Embalados nesta direção melódica e ainda pouco arriscada de Salvi, faltou-nos o aviso à navegação para o que viria a seguir: demasiado potente. O público, visivelmente entusiasmado, não deu tréguas à emoção e vibrou com a agitação catártica de Surma. A artista da região – que deu os primeiros passos em Leiria, mesmo ao lado da cidade onde estávamos – trouxe consigo a estética musical arrojada de Alla, o álbum editado no ano passado, e outros dois músicos excecionais (João Hasselberg e Pedro Melo Alves) que não podiam ter sido mais bem escolhidos. Neste novo formato de trio, Surma levou-nos numa viagem exploratória por uma fusão de jazz, eletrónica, pop, country, além de outras influências. O palco expandiu-se para receber aquele momento, deixando cair a tela e substituindo-a por cortinas que ondulavam ao fundo da vista e compunham um cenário minimalista, equilibrando a garra e a energia constante que os músicos nos devolviam. Destacam-se as interpretações de “Islet” ou de “Maasai”, o single “mais velhinho” que mereceu uma boa reinvenção.

Depois do concerto, Débora Umbelino – a voz do grupo – parou para conversar connosco e não escondeu a “felicidade” de voltar à cidade termal. “Tenho uma relação com as Caldas desde os meus 17 anos. Uma prima minha estudava aqui Design Gráfico, tenho muitos amigos daqui e a cena cultural das Caldas inspira-me muito”. Sobre o álbum que apresentou, que conta com a colaboração de Angélica Salvi no tema “Biyelka”, afirma que é “arriscado” e tem “muitas texturas e dinâmicas”, daí a importância dos músicos que a acompanham “para não perder a força ao vivo”. Recordámos ainda a participação no Festival da Canção em 2019, com “Pugna”, e as consecutivas aparições como jurada e convidada musical até à edição deste ano, em que acompanhou Filipe Sambado e Primeira Dama numa homenagem ao cantautor Fausto. Para breve, espera, estarão as viagens a Espanha, onde já tocou e se sente “em casa”, e as colaborações com mais artistas vizinhos no próximo disco.

A noite não estaria completa sem entrarmos na pista da discoteca Spacy, onde atuaram duas DJs de Santiago de Compostela, bb.wav e Elba, seguidas das portuguesas Princesa, Naphar e DAKOI. Falámos com esta última e com as artistas santiaguesas, que nos avançaram o estilo mais pop e eletrónico dos seus sets, conjugado com influências várias. Das noites galegas, bb.wav e Elba trouxeram o reggaeton e outros ritmos da música latino-americana, como o funk brasileiro, enquanto a artista queer DAKOI, que estudou em Caldas da Rainha, invocou os seus gostos mais relacionados com a música dembow/batuque, o techno e o metal.
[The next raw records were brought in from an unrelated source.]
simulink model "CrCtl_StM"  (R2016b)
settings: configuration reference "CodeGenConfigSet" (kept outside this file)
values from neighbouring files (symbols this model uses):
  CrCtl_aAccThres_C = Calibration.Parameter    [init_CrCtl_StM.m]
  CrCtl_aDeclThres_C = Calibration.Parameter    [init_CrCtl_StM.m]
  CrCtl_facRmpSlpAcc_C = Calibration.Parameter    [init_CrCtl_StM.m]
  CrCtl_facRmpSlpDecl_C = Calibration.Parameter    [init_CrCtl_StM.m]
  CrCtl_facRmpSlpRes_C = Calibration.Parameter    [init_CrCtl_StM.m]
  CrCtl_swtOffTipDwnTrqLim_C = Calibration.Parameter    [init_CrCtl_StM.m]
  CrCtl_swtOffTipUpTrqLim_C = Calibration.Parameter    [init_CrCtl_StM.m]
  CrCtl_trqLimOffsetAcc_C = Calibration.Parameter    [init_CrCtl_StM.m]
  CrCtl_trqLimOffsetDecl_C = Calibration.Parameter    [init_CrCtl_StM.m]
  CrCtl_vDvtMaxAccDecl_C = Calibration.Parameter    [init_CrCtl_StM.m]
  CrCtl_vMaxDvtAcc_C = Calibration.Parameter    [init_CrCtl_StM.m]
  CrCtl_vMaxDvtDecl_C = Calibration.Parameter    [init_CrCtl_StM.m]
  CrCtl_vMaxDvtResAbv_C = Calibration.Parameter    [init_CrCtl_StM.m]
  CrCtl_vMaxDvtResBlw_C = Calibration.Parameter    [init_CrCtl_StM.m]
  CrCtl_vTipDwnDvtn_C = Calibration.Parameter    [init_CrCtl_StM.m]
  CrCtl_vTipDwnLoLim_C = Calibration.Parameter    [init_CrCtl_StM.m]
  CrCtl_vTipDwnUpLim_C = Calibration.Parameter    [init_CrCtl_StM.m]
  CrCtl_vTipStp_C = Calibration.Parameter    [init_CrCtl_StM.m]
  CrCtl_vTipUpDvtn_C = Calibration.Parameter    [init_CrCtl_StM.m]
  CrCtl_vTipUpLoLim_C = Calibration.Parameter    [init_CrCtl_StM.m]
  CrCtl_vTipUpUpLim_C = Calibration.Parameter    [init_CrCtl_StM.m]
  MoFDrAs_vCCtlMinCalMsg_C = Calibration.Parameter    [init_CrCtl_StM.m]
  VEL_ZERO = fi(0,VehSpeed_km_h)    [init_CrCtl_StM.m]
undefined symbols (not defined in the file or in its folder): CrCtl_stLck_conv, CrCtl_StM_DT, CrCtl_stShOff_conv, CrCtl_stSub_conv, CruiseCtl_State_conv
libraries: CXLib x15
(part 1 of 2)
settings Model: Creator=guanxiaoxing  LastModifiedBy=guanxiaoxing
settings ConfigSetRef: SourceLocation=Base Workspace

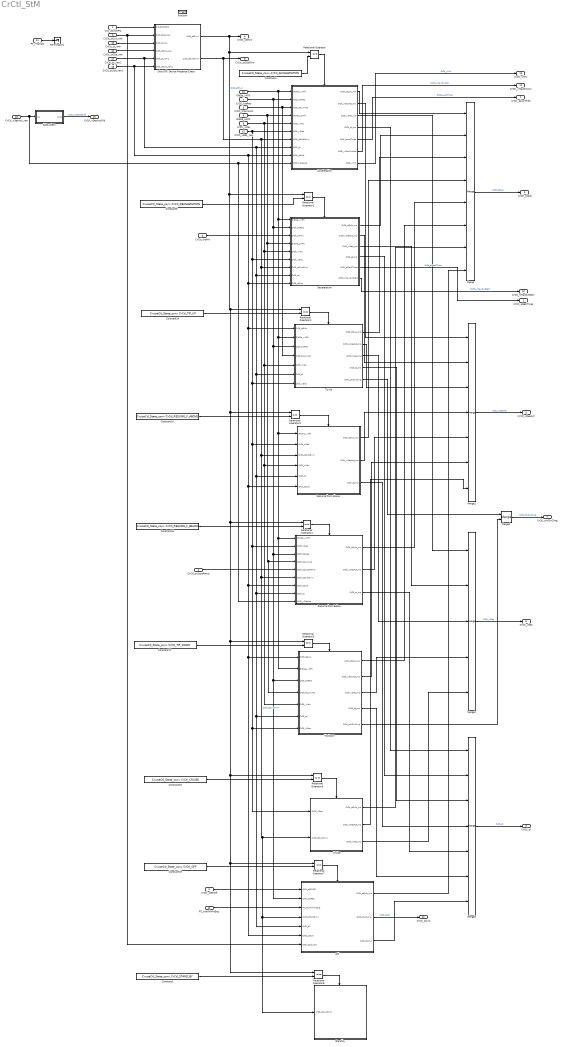
== system CrCtl_StM ==
  CrC_bCrCtlPrs : Inport  Description=Cruise control present status  OutMin=0  OutMax=1  OutDataTypeStr=boolean
  CrCtl_stLck_raw : Inport  Description=Cruise Control lock Status  Port=2  OutDataTypeStr=Enum: CrCtl_stLck_conv
  CrCtl_stShOff : Inport  Description=cruise control shut-off requirement  Port=3  OutDataTypeStr=Enum: CrCtl_stShOff_conv
  CrCtl_stSuspRamp : Inport  Description=Suspend ramp status  Port=4  OutDataTypeStr=Enum: CrCtl_stSuspRamp_conv
  CrCtl_trqLimAct : Inport  Tag=Nm  Description=Limited Cruise control torque  Port=5  OutMin=-3000  OutMax=3000  OutDataTypeStr=Trq_Nm
  CrCtl_trqMin : Inport  Tag=Nm  Description=cruise control desired torque when cruise control is inactive  Port=6  OutMin=-3000  OutMax=3000  OutDataTypeStr=Trq_Nm
  CrCtl_trqReq : Inport  Tag=Nm  Description=Cruise control torque request  Port=7  OutMin=-3000  OutMax=3000  OutDataTypeStr=Trq_Nm
  CrCtl_vMax : Inport  Tag=km/h  Description=Maximum speed for cruise control  Port=8  OutMin=0  OutMax=250  OutDataTypeStr=VehSpeed_km_h
  GlbDa_aXFlt : Inport  Tag=m/s^2  Description=Vehicle longitudinal acceleration filtered  Port=9  OutMin=-32  OutMax=32  OutDataTypeStr=Acc_m_s2
  GlbDa_vXFlt : Inport  Tag=km/h  Description=Vehicle velocity filtered  Port=10  OutMin=0  OutMax=250  OutDataTypeStr=VehSpeed_km_h
  PT_rTraV2N : Inport  Tag=km/h/rpm  Description=Quotient of velocity and engine speed  Port=11  OutMin=-0.32768  OutMax=0.32767  OutDataTypeStr=Tra_V2N_km_h_rpm
  PT_trqWhlMinEng : Inport  Tag=Nm  Description=Minimum wheel torque from the engine  Port=12  OutMin=-3000  OutMax=3000  OutDataTypeStr=Trq_Nm
  CrCtl_st_raw : Inport  Description=Application parameter for Cruise Control state  Port=13  OutDataTypeStr=Enum: CruiseCtl_State_conv
  CrCtl_stSub_raw : Inport  Description=Cruise control sub mode  Port=14  OutDataTypeStr=Enum: CrCtl_stSub_conv
  CrCtl_vDes_raw : Inport  Tag=km/h  Description=Cruise Control desired set point speed  Port=15  OutMin=0  OutMax=250  OutDataTypeStr=VehSpeed_km_h
  CrCtl_vDesAct_raw : Inport  Tag=km/h  Description=Target speed for cruise control  Port=16  OutMin=0  OutMax=250  OutDataTypeStr=VehSpeed_km_h
  CrCtl_st_raw1 : Inport  Description=Application parameter for Cruise Control state  Port=17  OutDataTypeStr=Enum: CruiseCtl_State_conv
  CrCtl_stSub_raw1 : Inport  Description=Cruise control sub mode  Port=18  OutDataTypeStr=Enum: CrCtl_stSub_conv
  function : TriggerPort  TriggerType=function-call  VariantControl=Variant
  Acceleration : Subsystem
  Constant1 : Constant  Value=CruiseCtl_State_conv.CrCtl_STAND_BY
  Constant14 : Constant  Value=CruiseCtl_State_conv.CrCtl_TIP_UP
  Constant15 : Constant  Value=CruiseCtl_State_conv.CrCtl_RESUME_F_ABOVE
  Constant16 : Constant  Value=CruiseCtl_State_conv.CrCtl_RESUME_F_BELOW
  Constant17 : Constant  Value=CruiseCtl_State_conv.CrCtl_TIP_DOWN
  Constant18 : Constant  Value=CruiseCtl_State_conv.CrCtl_CRUISE
  Constant19 : Constant  Value=CruiseCtl_State_conv.CrCtl_OFF
  Constant4 : Constant  Value=CruiseCtl_State_conv.CrCtl_ACCELERATION
  Constant6 : Constant  Value=CruiseCtl_State_conv.CrCtl_DECELERATION
  Cruise : Subsystem
  Deceleration : Subsystem
  Merge : Merge  Inputs=8
  Merge1 : Merge  Inputs=7
  Merge2 : Merge  Inputs=5
  Merge3 : Merge  Inputs=7
  Merge4 : Merge
  Off : Subsystem
  Relational Operator{,1..8} (9 alike) : RelationalOperator  Operator===  OutDataTypeStr=boolean  RndMeth=Simplest
  Resume from Above : Subsystem
  Resume from Below : Subsystem
  Shut Off / Device Presence Check : Subsystem
  Stand by : Subsystem
  Subsystem : Subsystem
  Terminator1 : Terminator
  Tip Down : Subsystem
  Tip Up : Subsystem
  CrCtl_aAccThres : Outport  Tag=m/s^2  Description=Accelration threshold for Cruise control  OutMin=-32  OutMax=32  OutDataTypeStr=Acc_m_s2
  CrCtl_aDeclThres : Outport  Tag=m/s^2  Description=Deaccelration threshold for Cruise control  Port=2  OutMin=-32  OutMax=32  OutDataTypeStr=Acc_m_s2
  CrCtl_st : Outport  Description=Application parameter for Cruise Control state  Port=3  OutDataTypeStr=Enum: CruiseCtl_State_conv
  CrCtl_stGvnr : Outport  Description=Governor status for cruise control  Port=4  OutDataTypeStr=Enum: CruiseCtl_State_conv
  CrCtl_stSub : Outport  Description=Cruise control sub mode  Port=5  OutDataTypeStr=Enum: CrCtl_stSub_conv
  CrCtl_stSubGvnr : Outport  Description=Cruise control sub mode for governor  Port=6  OutDataTypeStr=Enum: CrCtl_stSub_conv
  CrCtl_stVDirChng : Outport  Description=|  Port=7  OutMin=0  OutMax=1  OutDataTypeStr=boolean
      | Flag indicating if vehicle was under increasing speed request before and now speed decrease has
      | been request (or vice-versa)
  CrCtl_vDes : Outport  Tag=km/h  Description=Cruise Control desired set point speed  Port=8  OutMin=0  OutMax=250  OutDataTypeStr=VehSpeed_km_h
  CrCtl_vDesAct : Outport  Tag=km/h  Description=Target speed for cruise control  Port=9  OutMin=0  OutMax=250  OutDataTypeStr=VehSpeed_km_h
  CrCtl_vDesActOld : Outport  Tag=km/h  Description=Cruise control old active speed  Port=10  OutMin=0  OutMax=250  OutDataTypeStr=VehSpeed_km_h
  CrCtl_vMaxDvtAcc : Outport  Tag=km/h  Description=Maximum deviation speed for acceleration  Port=11  OutMin=0  OutMax=250  OutDataTypeStr=VehSpeed_km_h
  CrCtl_vMaxDvtDecl : Outport  Tag=km/h  Description=Maximum deviation speed for deacceleration  Port=12  OutMin=0  OutMax=250  OutDataTypeStr=VehSpeed_km_h
  CrCtl_vMin : Outport  Tag=km/h  Description=Minimum spped for cruise control  Port=13  OutMin=0  OutMax=250  OutDataTypeStr=VehSpeed_km_h
  CrCtl_stLck : Outport  Description=Cruise Control lock Status  Port=14  OutDataTypeStr=Enum: CrCtl_stLck_conv
  wires:
  Acceleration/5(CrCtl_aAccThres) -> CrCtl_aAccThres/1  "CrCtl_aAccThres"
  Deceleration/5(CrCtl_aDeclThres) -> CrCtl_aDeclThres/1  "CrCtl_aDeclThres"
  Merge3/1 -> CrCtl_st/1  "CrCtl_st"
  Shut Off / Device Presence Check/1(CrCtl_stGvnr) -> Relational Operator4/1, Relational Operator5/1, Relational Operator6/1, Relational Operator8/1, Relational Operator7/1, Relational Operator3/1, Relational Operator2/1, Relational Operator1/1, Relational Operator/1, CrCtl_stGvnr/1  "CrCtl_stGvnr"
  Merge/1 -> CrCtl_stSub/1  "CrCtl_stSub"
  Shut Off / Device Presence Check/2("CrCtl_stSubGvnr ") -> CrCtl_stSubGvnr/1, Resume from Below/6(CrCtl_stSubGvnr), Stand by/1(CrCtl_stSubGvnr), Off/4(CrCtl_stSubGvnr), Cruise/2(CrCtl_stSubGvnr), Resume from Above/3(CrCtl_stSubGvnr), Deceleration/7(CrCtl_stSubGvnr), Acceleration/7(CrCtl_stSubGvnr)  "CrCtl_stSubGvnr"
  Merge4/1 -> CrCtl_stVDirChng/1  "CrCtl_stVDirChng"
  Merge2/1 -> CrCtl_vDes/1  "CrCtl_vDes"
  Merge1/1 -> CrCtl_vDesAct/1  "CrCtl_vDesAct"
  Acceleration/6(" CrCtl_vMaxDvtAcc") -> CrCtl_vMaxDvtAcc/1  "CrCtl_vMaxDvtAcc"
  Deceleration/6(" CrCtl_vMaxDvtDecl") -> CrCtl_vMaxDvtDecl/1  "CrCtl_vMaxDvtDecl"
  Acceleration/7(" CrCtl_vMin") -> CrCtl_vMin/1  "CrCtl_vMin"
  PT_rTraV2N/1 -> Terminator1/1
  CrC_bCrCtlPrs/1 -> Shut Off / Device Presence Check/1(CrC_bCrCtlPrs)
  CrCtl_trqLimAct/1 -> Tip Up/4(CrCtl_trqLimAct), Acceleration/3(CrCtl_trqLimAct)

O Festival Impulso é promovido pela Pulsonar Associação, em coorganização com a Câmara Municipal de Caldas da Rainha e em parceria com a Escola Superior de Artes e Design do Politécnico de Leiria (ESAD.CR). Em 2023, nesta 5.ª edição, o festival troca o Parque D. Carlos I pelo auditório do CCC, programando mensalmente até dezembro uma season (temporada) com artistas como Dino d’Santiago, Trypas Corassão ou Bala Desejo.